Image inversion is the altering of intensities or colors of an image from normal form to an opposite representation.

Background

An inverted image could be interpreted as a digital version of image negatives. After inversion, every color takes the exact opposite one (I know this terminology is not that scientific, but it’s useful as a conceptual information). Let’s put this in more scientific terms. A positive image should be defined as a normal, original RGB or gray image. A negative image denotes a tonal inversion of a positive image, in which light areas appear dark and dark areas appear light. In negative images, a color reversing is also achieved, such that the red areas appear cyan, greens appear magenta, and blues appear yellow. In simpler sense, for the grayscale case, a black and white image, using 0 for black and 255 for white, a near-black pixel value of 5 will be converted to 250, or near-white.
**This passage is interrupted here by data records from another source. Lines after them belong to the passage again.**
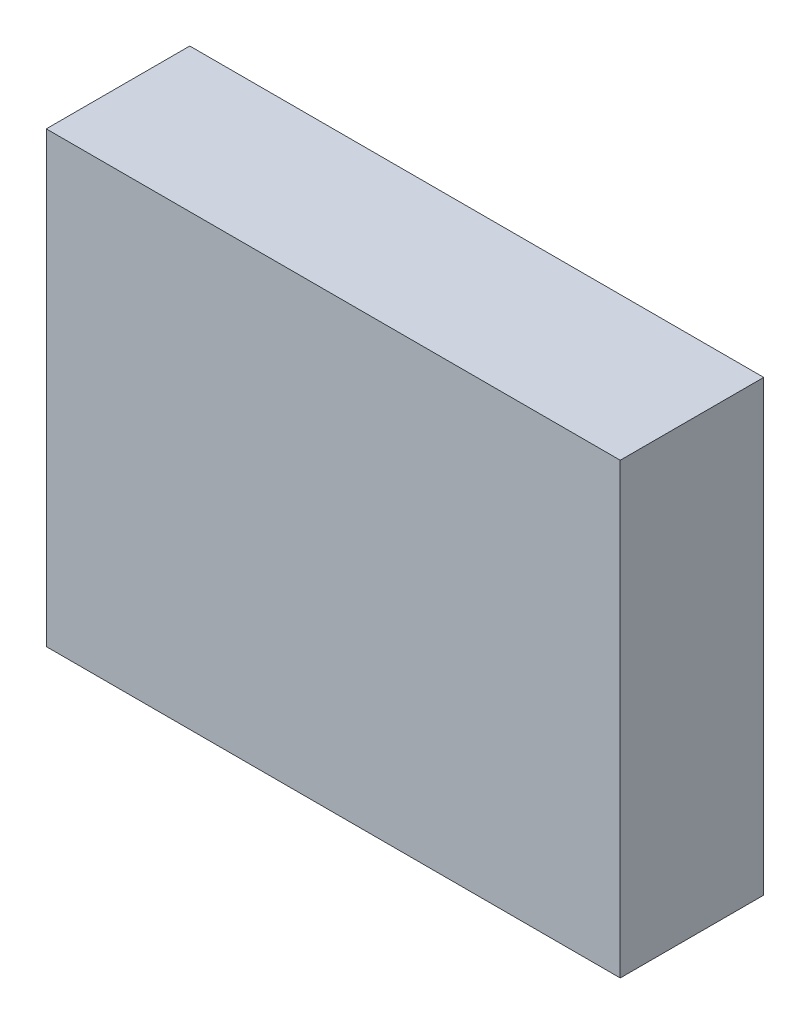
ISO-10303-21;
HEADER;
FILE_DESCRIPTION(('STEP AP214'),'2;1');
FILE_NAME('part.step','',(''),(''),'','','');
FILE_SCHEMA(('AUTOMOTIVE_DESIGN { 1 0 10303 214 1 1 1 1 }'));
ENDSEC;
DATA;
#1=APPLICATION_CONTEXT('core data for automotive mechanical design processes');
#2=APPLICATION_PROTOCOL_DEFINITION('international standard','automotive_design',2000,#1);
#3=PRODUCT_CONTEXT('',#1,'mechanical');
#4=PRODUCT('Part','Part','',(#3));
#5=PRODUCT_RELATED_PRODUCT_CATEGORY('part','',(#4));
#6=PRODUCT_DEFINITION_FORMATION('','',#4);
#7=PRODUCT_DEFINITION_CONTEXT('part definition',#1,'design');
#8=PRODUCT_DEFINITION('design','',#6,#7);
#9=PRODUCT_DEFINITION_SHAPE('','',#8);
#10=(LENGTH_UNIT() NAMED_UNIT(*) SI_UNIT(.MILLI.,.METRE.));
#11=(NAMED_UNIT(*) PLANE_ANGLE_UNIT() SI_UNIT($,.RADIAN.));
#12=(NAMED_UNIT(*) SI_UNIT($,.STERADIAN.) SOLID_ANGLE_UNIT());
#13=UNCERTAINTY_MEASURE_WITH_UNIT(LENGTH_MEASURE(1.E-05),#10,'distance_accuracy_value','');
#14=(GEOMETRIC_REPRESENTATION_CONTEXT(3) GLOBAL_UNCERTAINTY_ASSIGNED_CONTEXT((#13)) GLOBAL_UNIT_ASSIGNED_CONTEXT((#10,
#11,#12)) REPRESENTATION_CONTEXT('',''));
#15=CARTESIAN_POINT('',(0.,0.,0.));
#16=DIRECTION('',(0.,0.,1.));
#17=DIRECTION('',(1.,0.,0.));
#18=AXIS2_PLACEMENT_3D('',#15,#16,#17);
#19=CARTESIAN_POINT('',(-121.,-112.5,192.));
#20=DIRECTION('',(0.,0.,1.));
#21=DIRECTION('',(1.,0.,0.));
#22=AXIS2_PLACEMENT_3D('',#19,#20,#21);
#23=PLANE('',#22);
#24=DIRECTION('',(0.,1.,0.));
#25=VECTOR('',#24,1.);
#26=CARTESIAN_POINT('',(-121.,-112.5,192.));
#27=LINE('',#26,#25);
#28=CARTESIAN_POINT('',(-121.,-112.5,192.));
#29=VERTEX_POINT('',#28);
#30=CARTESIAN_POINT('',(-121.,-87.5,192.));
#31=VERTEX_POINT('',#30);
#32=EDGE_CURVE('E112',#29,#31,#27,.T.);
#33=ORIENTED_EDGE('',*,*,#32,.F.);
#34=DIRECTION('',(1.,0.,0.));
#35=VECTOR('',#34,1.);
#36=CARTESIAN_POINT('',(-121.,-112.5,192.));
#37=LINE('',#36,#35);
#38=CARTESIAN_POINT('',(-89.,-112.5,192.));
#39=VERTEX_POINT('',#38);
#40=EDGE_CURVE('E79',#29,#39,#37,.T.);
#41=ORIENTED_EDGE('',*,*,#40,.T.);
#42=DIRECTION('',(0.,1.,0.));
#43=VECTOR('',#42,1.);
#44=CARTESIAN_POINT('',(-89.,-112.5,192.));
#45=LINE('',#44,#43);
#46=CARTESIAN_POINT('',(-89.,-87.5,192.));
#47=VERTEX_POINT('',#46);
#48=EDGE_CURVE('E89',#39,#47,#45,.T.);
#49=ORIENTED_EDGE('',*,*,#48,.T.);
#50=DIRECTION('',(1.,0.,0.));
#51=VECTOR('',#50,1.);
#52=CARTESIAN_POINT('',(-121.,-87.5,192.));
#53=LINE('',#52,#51);
#54=EDGE_CURVE('E10',#31,#47,#53,.T.);
#55=ORIENTED_EDGE('',*,*,#54,.F.);
#56=EDGE_LOOP('',(#33,#41,#49,#55));
#57=FACE_BOUND('',#56,.T.);
#58=ADVANCED_FACE('F15',(#57),#23,.T.);
#59=CARTESIAN_POINT('',(-121.,-112.5,184.));
#60=DIRECTION('',(0.,0.,1.));
#61=DIRECTION('',(1.,0.,0.));
#62=AXIS2_PLACEMENT_3D('',#59,#60,#61);
#63=PLANE('',#62);
#64=DIRECTION('',(1.,0.,0.));
#65=VECTOR('',#64,1.);
#66=CARTESIAN_POINT('',(-121.,-87.5,184.));
#67=LINE('',#66,#65);
#68=CARTESIAN_POINT('',(-121.,-87.5,184.));
#69=VERTEX_POINT('',#68);
#70=CARTESIAN_POINT('',(-89.,-87.5,184.));
#71=VERTEX_POINT('',#70);
#72=EDGE_CURVE('E25',#69,#71,#67,.T.);
#73=ORIENTED_EDGE('',*,*,#72,.T.);
#74=DIRECTION('',(0.,1.,0.));
#75=VECTOR('',#74,1.);
#76=CARTESIAN_POINT('',(-89.,-112.5,184.));
#77=LINE('',#76,#75);
#78=CARTESIAN_POINT('',(-89.,-112.5,184.));
#79=VERTEX_POINT('',#78);
#80=EDGE_CURVE('E81',#79,#71,#77,.T.);
#81=ORIENTED_EDGE('',*,*,#80,.F.);
#82=DIRECTION('',(1.,0.,0.));
#83=VECTOR('',#82,1.);
#84=CARTESIAN_POINT('',(-121.,-112.5,184.));
#85=LINE('',#84,#83);
#86=CARTESIAN_POINT('',(-121.,-112.5,184.));
#87=VERTEX_POINT('',#86);
#88=EDGE_CURVE('E69',#87,#79,#85,.T.);
#89=ORIENTED_EDGE('',*,*,#88,.F.);
#90=DIRECTION('',(0.,1.,0.));
#91=VECTOR('',#90,1.);
#92=CARTESIAN_POINT('',(-121.,-112.5,184.));
#93=LINE('',#92,#91);
#94=EDGE_CURVE('E95',#87,#69,#93,.T.);
#95=ORIENTED_EDGE('',*,*,#94,.T.);
#96=EDGE_LOOP('',(#73,#81,#89,#95));
#97=FACE_BOUND('',#96,.T.);
#98=ADVANCED_FACE('F82',(#97),#63,.F.);
#99=CARTESIAN_POINT('',(-121.,-87.5,184.));
#100=DIRECTION('',(0.,1.,0.));
#101=DIRECTION('',(1.,0.,0.));
#102=AXIS2_PLACEMENT_3D('',#99,#100,#101);
#103=PLANE('',#102);
#104=ORIENTED_EDGE('',*,*,#72,.F.);
#105=DIRECTION('',(0.,0.,1.));
#106=VECTOR('',#105,1.);
#107=CARTESIAN_POINT('',(-121.,-87.5,184.));
#108=LINE('',#107,#106);
#109=EDGE_CURVE('E107',#69,#31,#108,.T.);
#110=ORIENTED_EDGE('',*,*,#109,.T.);
#111=ORIENTED_EDGE('',*,*,#54,.T.);
#112=DIRECTION('',(0.,0.,1.));
#113=VECTOR('',#112,1.);
#114=CARTESIAN_POINT('',(-89.,-87.5,184.));
#115=LINE('',#114,#113);
#116=EDGE_CURVE('E86',#71,#47,#115,.T.);
#117=ORIENTED_EDGE('',*,*,#116,.F.);
#118=EDGE_LOOP('',(#104,#110,#111,#117));
#119=FACE_BOUND('',#118,.T.);
#120=ADVANCED_FACE('F125',(#119),#103,.T.);
#121=CARTESIAN_POINT('',(-121.,-112.5,184.));
#122=DIRECTION('',(0.,1.,0.));
#123=DIRECTION('',(1.,0.,0.));
#124=AXIS2_PLACEMENT_3D('',#121,#122,#123);
#125=PLANE('',#124);
#126=DIRECTION('',(0.,0.,1.));
#127=VECTOR('',#126,1.);
#128=CARTESIAN_POINT('',(-89.,-112.5,184.));
#129=LINE('',#128,#127);
#130=EDGE_CURVE('E73',#79,#39,#129,.T.);
#131=ORIENTED_EDGE('',*,*,#130,.T.);
#132=ORIENTED_EDGE('',*,*,#40,.F.);
#133=DIRECTION('',(0.,0.,1.));
#134=VECTOR('',#133,1.);
#135=CARTESIAN_POINT('',(-121.,-112.5,184.));
#136=LINE('',#135,#134);
#137=EDGE_CURVE('E75',#87,#29,#136,.T.);
#138=ORIENTED_EDGE('',*,*,#137,.F.);
#139=ORIENTED_EDGE('',*,*,#88,.T.);
#140=EDGE_LOOP('',(#131,#132,#138,#139));
#141=FACE_BOUND('',#140,.T.);
#142=ADVANCED_FACE('F71',(#141),#125,.F.);
#143=CARTESIAN_POINT('',(-89.,-112.5,184.));
#144=DIRECTION('',(1.,0.,0.));
#145=DIRECTION('',(0.,1.,0.));
#146=AXIS2_PLACEMENT_3D('',#143,#144,#145);
#147=PLANE('',#146);
#148=ORIENTED_EDGE('',*,*,#130,.F.);
#149=ORIENTED_EDGE('',*,*,#80,.T.);
#150=ORIENTED_EDGE('',*,*,#116,.T.);
#151=ORIENTED_EDGE('',*,*,#48,.F.);
#152=EDGE_LOOP('',(#148,#149,#150,#151));
#153=FACE_BOUND('',#152,.T.);
#154=ADVANCED_FACE('F17',(#153),#147,.T.);
#155=CARTESIAN_POINT('',(-121.,-112.5,184.));
#156=DIRECTION('',(1.,0.,0.));
#157=DIRECTION('',(0.,1.,0.));
#158=AXIS2_PLACEMENT_3D('',#155,#156,#157);
#159=PLANE('',#158);
#160=ORIENTED_EDGE('',*,*,#32,.T.);
#161=ORIENTED_EDGE('',*,*,#109,.F.);
#162=ORIENTED_EDGE('',*,*,#94,.F.);
#163=ORIENTED_EDGE('',*,*,#137,.T.);
#164=EDGE_LOOP('',(#160,#161,#162,#163));
#165=FACE_BOUND('',#164,.T.);
#166=ADVANCED_FACE('F118',(#165),#159,.F.);
#167=CLOSED_SHELL('',(#58,#98,#120,#142,#154,#166));
#168=MANIFOLD_SOLID_BREP('B1',#167);
#169=ADVANCED_BREP_SHAPE_REPRESENTATION('',(#18,#168),#14);
#170=SHAPE_DEFINITION_REPRESENTATION(#9,#169);
ENDSEC;
END-ISO-10303-21;

Image inversion is one of the easiest techniques in image processing. Therefore, it’s very applicable to demonstrations of performance, acceleration, and optimization. Many of the state of the art image processing libraries such as OpenCV, Gandalf, VXL etc., perform this operation as fast as possible, even though some more accelerations using parallel hardware are possible.

In this article, I will demonstrate three implementations of image inversion: a basic implementation, an optimized one (in C level), and an optimized one using enhanced instructions of modern CPUs (for our case, SSE2).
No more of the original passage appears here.